### Work item
Find the string "Layout" in the entries and copy each line that has it.

***

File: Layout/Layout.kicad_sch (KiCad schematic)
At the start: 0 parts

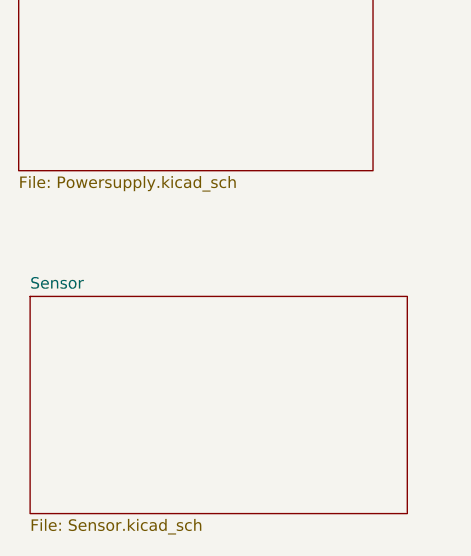
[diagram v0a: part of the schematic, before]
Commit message: First ICs Placed$
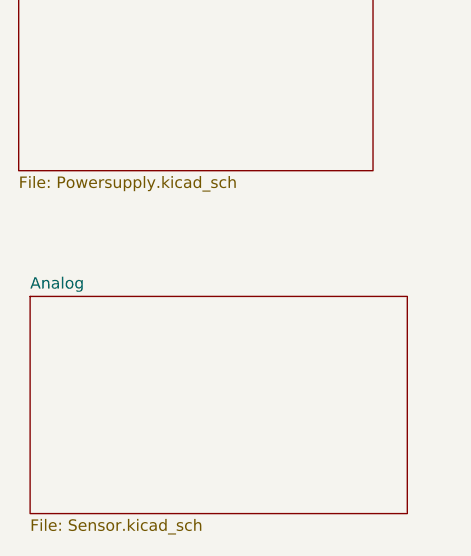
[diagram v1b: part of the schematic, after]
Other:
- sheet Sensor renamed Analog
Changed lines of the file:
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@@
 			(color 0 0 0 0.0000)
 		)
-		(property "Sheetname" "Sensor"
+		(property "Sheetname" "Analog"
 			(at 46.99 118.6684 0)
 			(effects

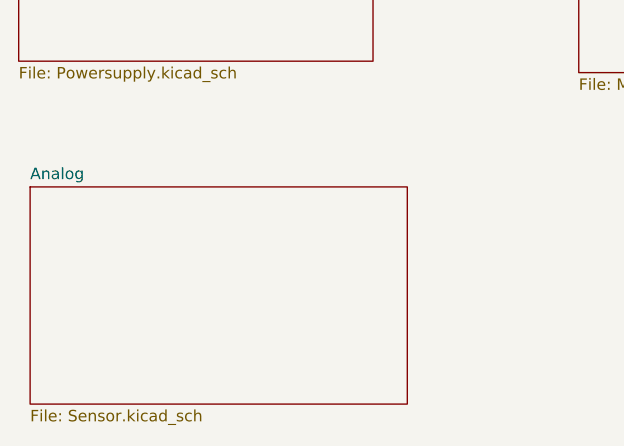
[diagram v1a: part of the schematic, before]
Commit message: Version with 3x VL53L4CD ToF sensors to calculate angle of measured plane
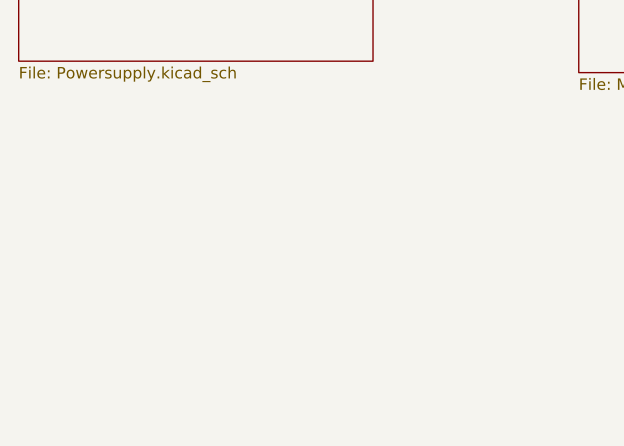
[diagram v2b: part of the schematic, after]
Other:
- removed sheet Analog
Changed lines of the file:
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@@
-	)
-	(sheet
-		(at 46.99 119.38)
-		(size 41.91 24.13)
-		(exclude_from_sim no)
-		(in_bom yes)
-		(on_board yes)
-		(dnp no)
-		(fields_autoplaced yes)
-		(stroke
-			(width 0.1524)
-			(type solid)
-		)
-		(fill
-			(color 0 0 0 0.0000)
-		)
-		(property "Sheetname" "Analog"
-			(at 46.99 118.6684 0)
-			(effects
-				(font
-					(size 1.27 1.27)
-				)
-				(justify left bottom)
-			)
-		)
-		(property "Sheetfile" "Sensor.kicad_sch"
-			(at 46.99 144.0946 0)
-			(effects
-				(font
-					(size 1.27 1.27)
-				)
-				(justify left top)
-			)
-		)
-		(instances
-			(project "Layout"
-				(path "/cdb7c10d-ec58-4b12-af63-2fb6474199a1"
-					(page "4")
-				)
-			)
-		)
 	)
 	(sheet

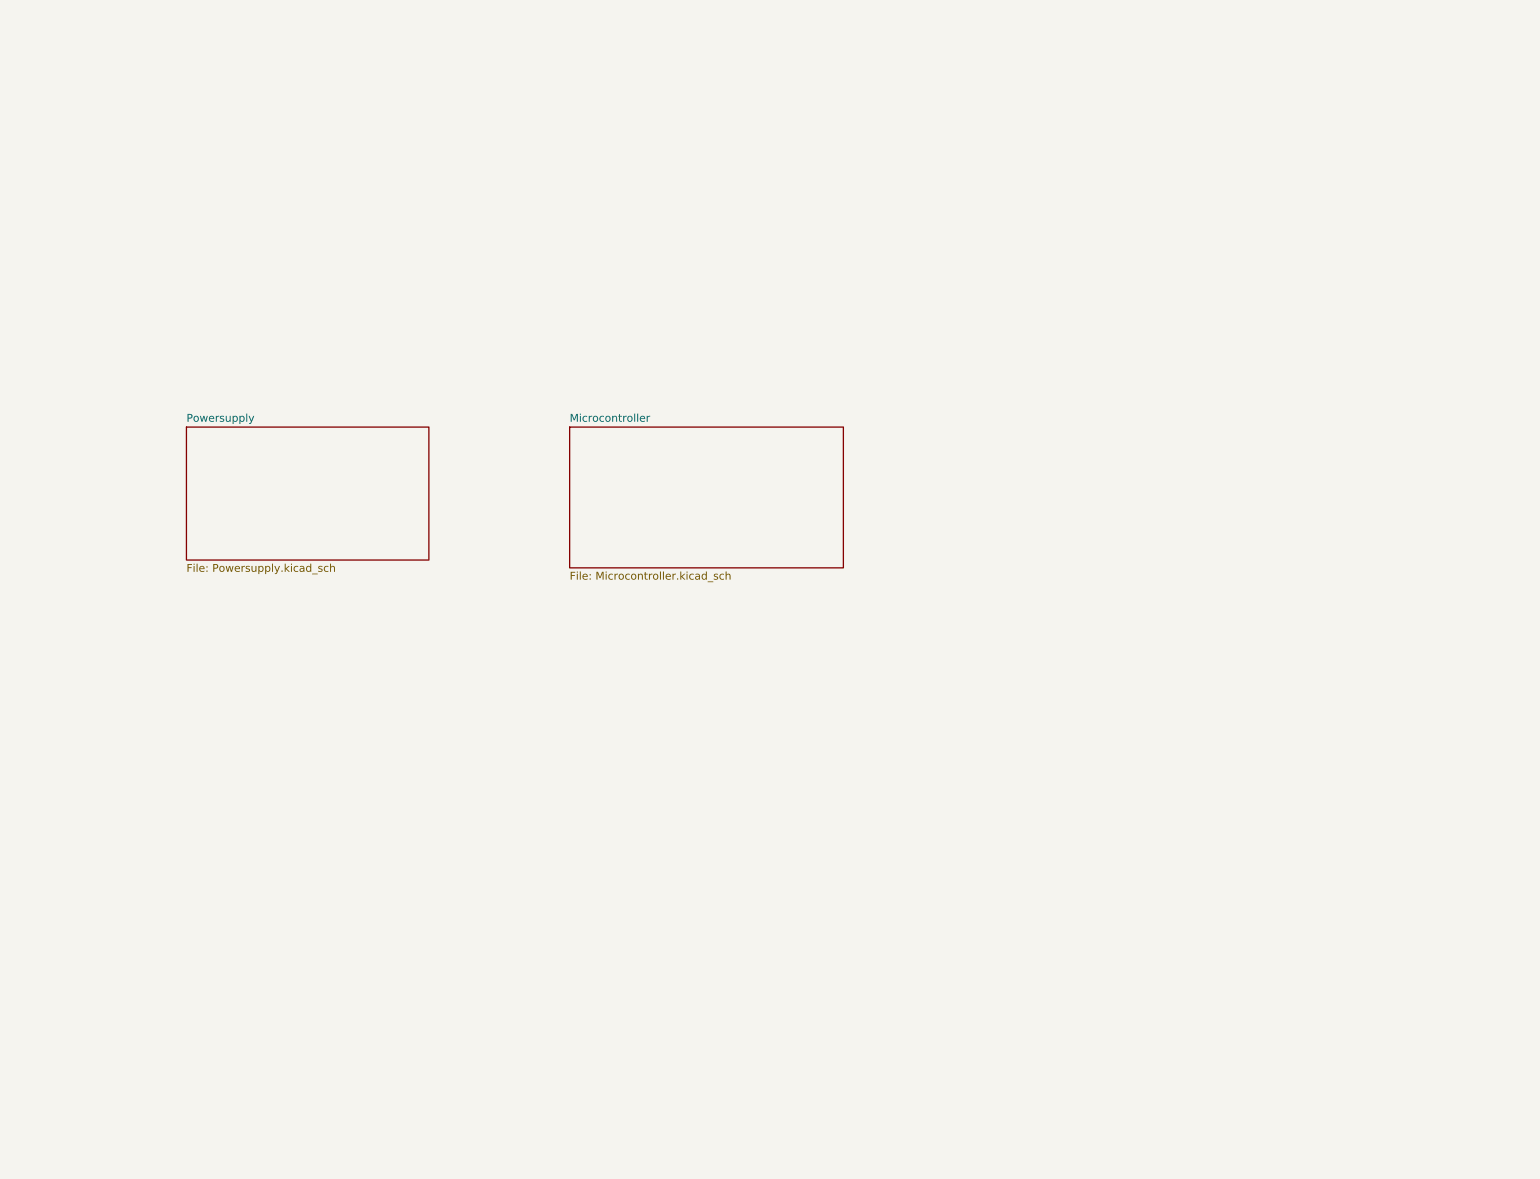
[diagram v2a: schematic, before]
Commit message: Added: Debugging LEDs Removed: 2x Tof Sensors Merged: All Schematic sheets
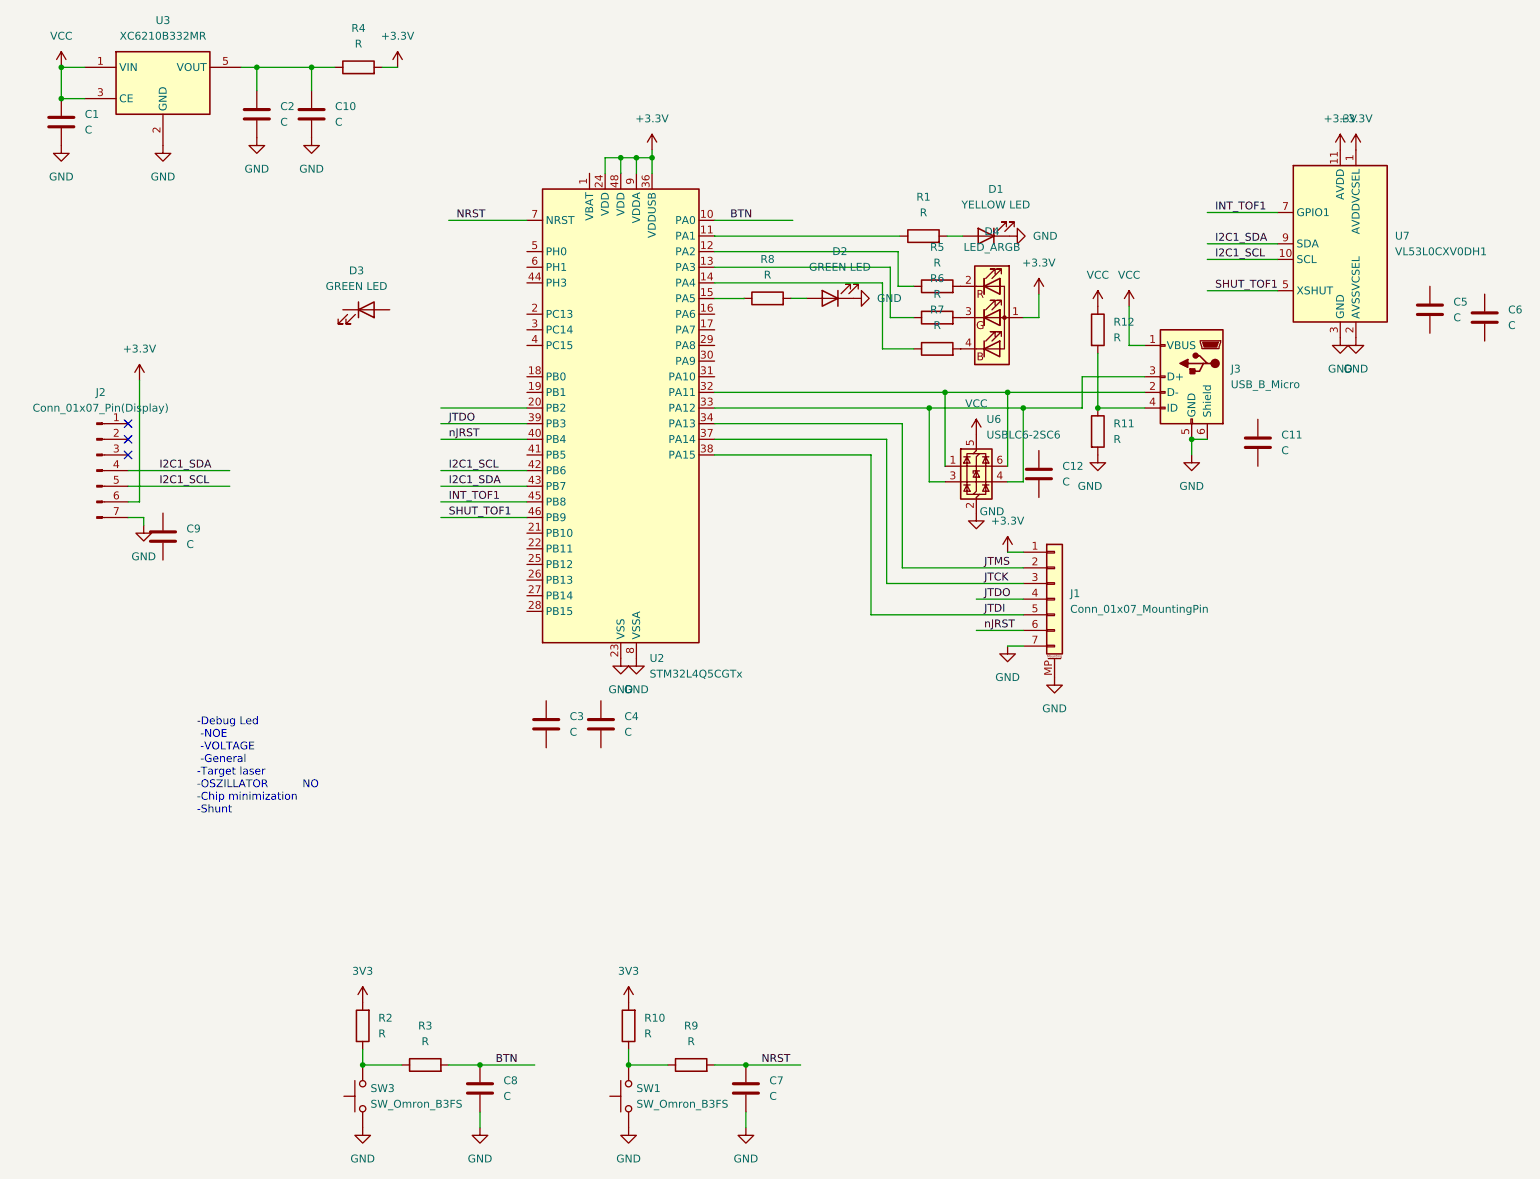
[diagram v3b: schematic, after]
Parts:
- added C1, C10, C11, C12, C2, C3, C4, C5, C6, C7, C8, C9: C, symbol Device:C
- added D1: YELLOW LED, symbol Device:LED
- added D2, D3: GREEN LED, symbol Device:LED
- added D4: LED_ARGB, symbol Device:LED_ARGB
- added J1: Conn_01x07_MountingPin, symbol Connector_Generic_MountingPin:Conn_01x07_MountingPin
- added J2: Conn_01x07_Pin(Display), symbol Connector:Conn_01x07_Pin
- added J3: USB_B_Micro, symbol Connector:USB_B_Micro
- added R1, R10, R11, R12, R2, R3, R4, R5, R6, R7, R8, R9: R, symbol Device:R
- added SW1, SW3: SW_Omron_B3FS, symbol Switch:SW_Omron_B3FS
- added U2: STM32L4Q5CGTx, Package_QFP:LQFP-48_7x7mm_P0.5mm, symbol MCU_ST_STM32L4:STM32L4Q5CGTx
- added U3: XC6210B332MR, Package_TO_SOT_SMD:SOT-23-5, symbol Regulator_Linear:XC6210B332MR
- added U6: USBLC6-2SC6, Package_TO_SOT_SMD:SOT-23-6, symbol Power_Protection:USBLC6-2SC6
- added U7: VL53L0CXV0DH1, Sensor_Distance:ST_VL53L1x, symbol Sensor_Distance:VL53L0CXV0DH1
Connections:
- new net: C10.1, C2.1, R4.1, U3.5 (VOUT)
- new net: D1.2 (A), R1.2
- new net: D4.2 (RK), R5.2
- new net: D4.3 (GK), R6.2
- new net: D4.4 (BK), R7.2
- new net: R1.1, U2.11 (PA1)
- new net: R5.1, U2.12 (PA2)
- new net: R2.1, R3.1, SW3.2
- new net: J3.4 (ID), R11.1, R12.2
- new net: R10.1, R9.1, SW1.2
- new net: R6.1, U2.13 (PA3)
- new net: R7.1, U2.14 (PA4)
- new net: R8.1, U2.15 (PA5)
- new net: J3.2 (D-), U2.32 (PA11), U6.1 (I/O1), U6.6 (I/O1)
- new net: J3.3 (D+), U2.33 (PA12), U6.3 (I/O2), U6.4 (I/O2)
- new net: D2.2 (A), R8.2
- new net +3.3V: D4.1 (A), J1.1 (Pin_1), J2.6 (Pin_6), R4.2, U2.24 (VDD), U2.36 (VDDUSB), U2.48 (VDD), U2.9 (VDDA), U7.1 (AVDDVCSEL), U7.11 (AVDD)
- new net 3V3: R10.2, R2.2
- new net BTN: C8.1, R3.2, U2.10 (PA0)
- new net GND: C1.2, C10.2, C2.2, C7.2, C8.2, D1.1 (K), D2.1 (K), J1.7 (Pin_7), J1.MP (MountPin), J2.7 (Pin_7), J3.5 (GND), J3.6 (Shield), R11.2, SW1.1, SW3.1, U2.23 (VSS), U2.35 (VSS), U2.47 (VSS), U2.8 (VSSA), U3.2 (GND), U6.2 (GND), U7.12 (GND), U7.2 (AVSSVCSEL), U7.3 (GND), U7.4 (GND), U7.6 (GND)
- new net I2C1_SCL: J2.5 (Pin_5), U2.42 (PB6), U7.10 (SCL)
- new net I2C1_SDA: J2.4 (Pin_4), U2.43 (PB7), U7.9 (SDA)
- new net INT_TOF1: U2.45 (PB8), U7.7 (GPIO1)
- new net JTCK: J1.3 (Pin_3), U2.37 (PA14)
- new net JTDI: J1.5 (Pin_5), U2.38 (PA15)
- new net JTDO: J1.4 (Pin_4), U2.39 (PB3)
- new net JTMS: J1.2 (Pin_2), U2.34 (PA13)
- new net NRST: C7.1, R9.2, U2.7 (NRST)
- new net SHUT_TOF1: U2.46 (PB9), U7.5 (XSHUT)
- new net VCC: C1.1, J3.1 (VBUS), R12.1, U3.1 (VIN), U3.3 (CE), U6.5 (VBUS)
- new net nJRST: J1.6 (Pin_6), U2.40 (PB4)
- no-connect marks 0 -> 3
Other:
- removed sheet Microcontroller
- removed sheet Powersupply
- note added: "-Debug Led -NOE -VOLTAGE -General -Target laser -OSZILLATOR NO -Chip minimization -Shunt"

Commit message: Dayum
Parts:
- removed D3: GREEN LED, symbol Device:LED
- removed D4: LED_ARGB, symbol Device:LED_ARGB
- removed J1: Conn_01x07_MountingPin, symbol Connector_Generic_MountingPin:Conn_01x07_MountingPin
- removed J2: Conn_01x07_Pin(Display), symbol Connector:Conn_01x07_Pin
- removed U2: STM32L4Q5CGTx, Package_QFP:LQFP-48_7x7mm_P0.5mm, symbol MCU_ST_STM32L4:STM32L4Q5CGTx
- removed U7: VL53L0CXV0DH1, Sensor_Distance:ST_VL53L1x, symbol Sensor_Distance:VL53L0CXV0DH1
- added C13: C, Capacitor_SMD:C_0603_1608Metric, symbol Device:C
- added C14: 10uF, Capacitor_SMD:C_0603_1608Metric, symbol Device:C
- added C15, C16, C17, C19: 100nF, Capacitor_SMD:C_0603_1608Metric, symbol Device:C
- added C18: n/a, Capacitor_SMD:C_0603_1608Metric, symbol Device:C
- added D3: RLD65NZN5-00A, Laser:RLD65NZN500A, symbol RLD65NZN5-00A:RLD65NZN5-00A
- added D4, D5: BLUE LED, LED_SMD:LED_0603_1608Metric, symbol Device:LED
- added G1: Laser_Warnschild, Laser:Laser_Warnschild, symbol RLD65NZN5-00A:Laser_Warnschild
- added IC1: VL53L4CDV0DH_1, VL53L4CDV0DH/1:VL53L4CDV0DH1, symbol VL53L4CDV0DH_1:VL53L4CDV0DH_1
- added IC2: MAX4231AUT+T, Package_TO_SOT_SMD:SOT-23-6, symbol MAX4231AUT+T:MAX4231AUT+T
- added J1: Conn_01x07_Pin, Connector_PinHeader_2.54mm:PinHeader_1x07_P2.54mm_Vertical_SMD_Pin1Left, symbol Connector:Conn_01x07_Pin
- added R13: R, Resistor_SMD:R_0603_1608Metric, symbol Device:R
- added R14: 0R, Resistor_SMD:R_0603_1608Metric, symbol Device:R
- added R15: 0R, symbol Device:R
- added R16: 4.7k, Resistor_SMD:R_0603_1608Metric, symbol Device:R
- added R18, R19: n/a, Resistor_SMD:R_0603_1608Metric, symbol Device:R
- added RN1: 100R 4x0603, Resistor_SMD:R_Array_Concave_4x0603, symbol Device:R_Pack04
- added TR1: 2N7002AQ-7, Package_TO_SOT_SMD:SOT-23-3, symbol 2026-10-10_22-11-14:2N7002AQ-7
- added U2: AD8293G160ARJZ-R7, Package_TO_SOT_SMD:SOT-23-8, symbol 2026-10-10_13-37-23:AD8293G160ARJZ-R7
- added U4: ~, Package_TO_SOT_SMD:SOT-23-6, symbol 2026-10-10_13-37-23:R1580N001A-TR-FE
- added U5: STM32F042G6Ux, Package_DFN_QFN:QFN-28_4x4mm_P0.5mm, symbol STM32F042G4U6:STM32F042G6Ux
- added Y1: SG-210STF_48.0000ML5, Oszi:SG210STF480000ML5, symbol SG-210STF_48_0000ML5:SG-210STF_48.0000ML5
- C1, C2: value C -> 1uF; footprint (none) -> Capacitor_SMD:C_0603_1608Metric
- C10, C12, C3, C4, C5, C6, C7, C8, C9: value C -> 100nF; footprint (none) -> Capacitor_SMD:C_0603_1608Metric
- C11: value C -> n/a; footprint (none) -> Capacitor_SMD:C_0603_1608Metric
- D1: footprint (none) -> LED_SMD:LED_0603_1608Metric
- D2: value GREEN LED -> BLUE LED; footprint (none) -> LED_SMD:LED_0603_1608Metric
- R1: value R -> 330R; footprint (none) -> Resistor_SMD:R_0603_1608Metric
- R10, R2, R3, R9: value R -> 10k; footprint (none) -> Resistor_SMD:R_0603_1608Metric
- R11, R12: value R -> n/a; footprint (none) -> Resistor_SMD:R_0603_1608Metric
- R4: value R -> 0R; footprint (none) -> Resistor_SMD:R_0603_1608Metric
- R5, R6, R7: value R -> 390R; footprint (none) -> Resistor_SMD:R_0603_1608Metric
- R8: value R -> 0R
- SW1, SW3: footprint (none) -> Button_Switch_SMD:SW_SPST_B3S-1000
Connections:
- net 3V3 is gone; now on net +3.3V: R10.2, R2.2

***

### Response box
File: Layout/Layout.kicad_sch (KiCad schematic)
-			(project "Layout"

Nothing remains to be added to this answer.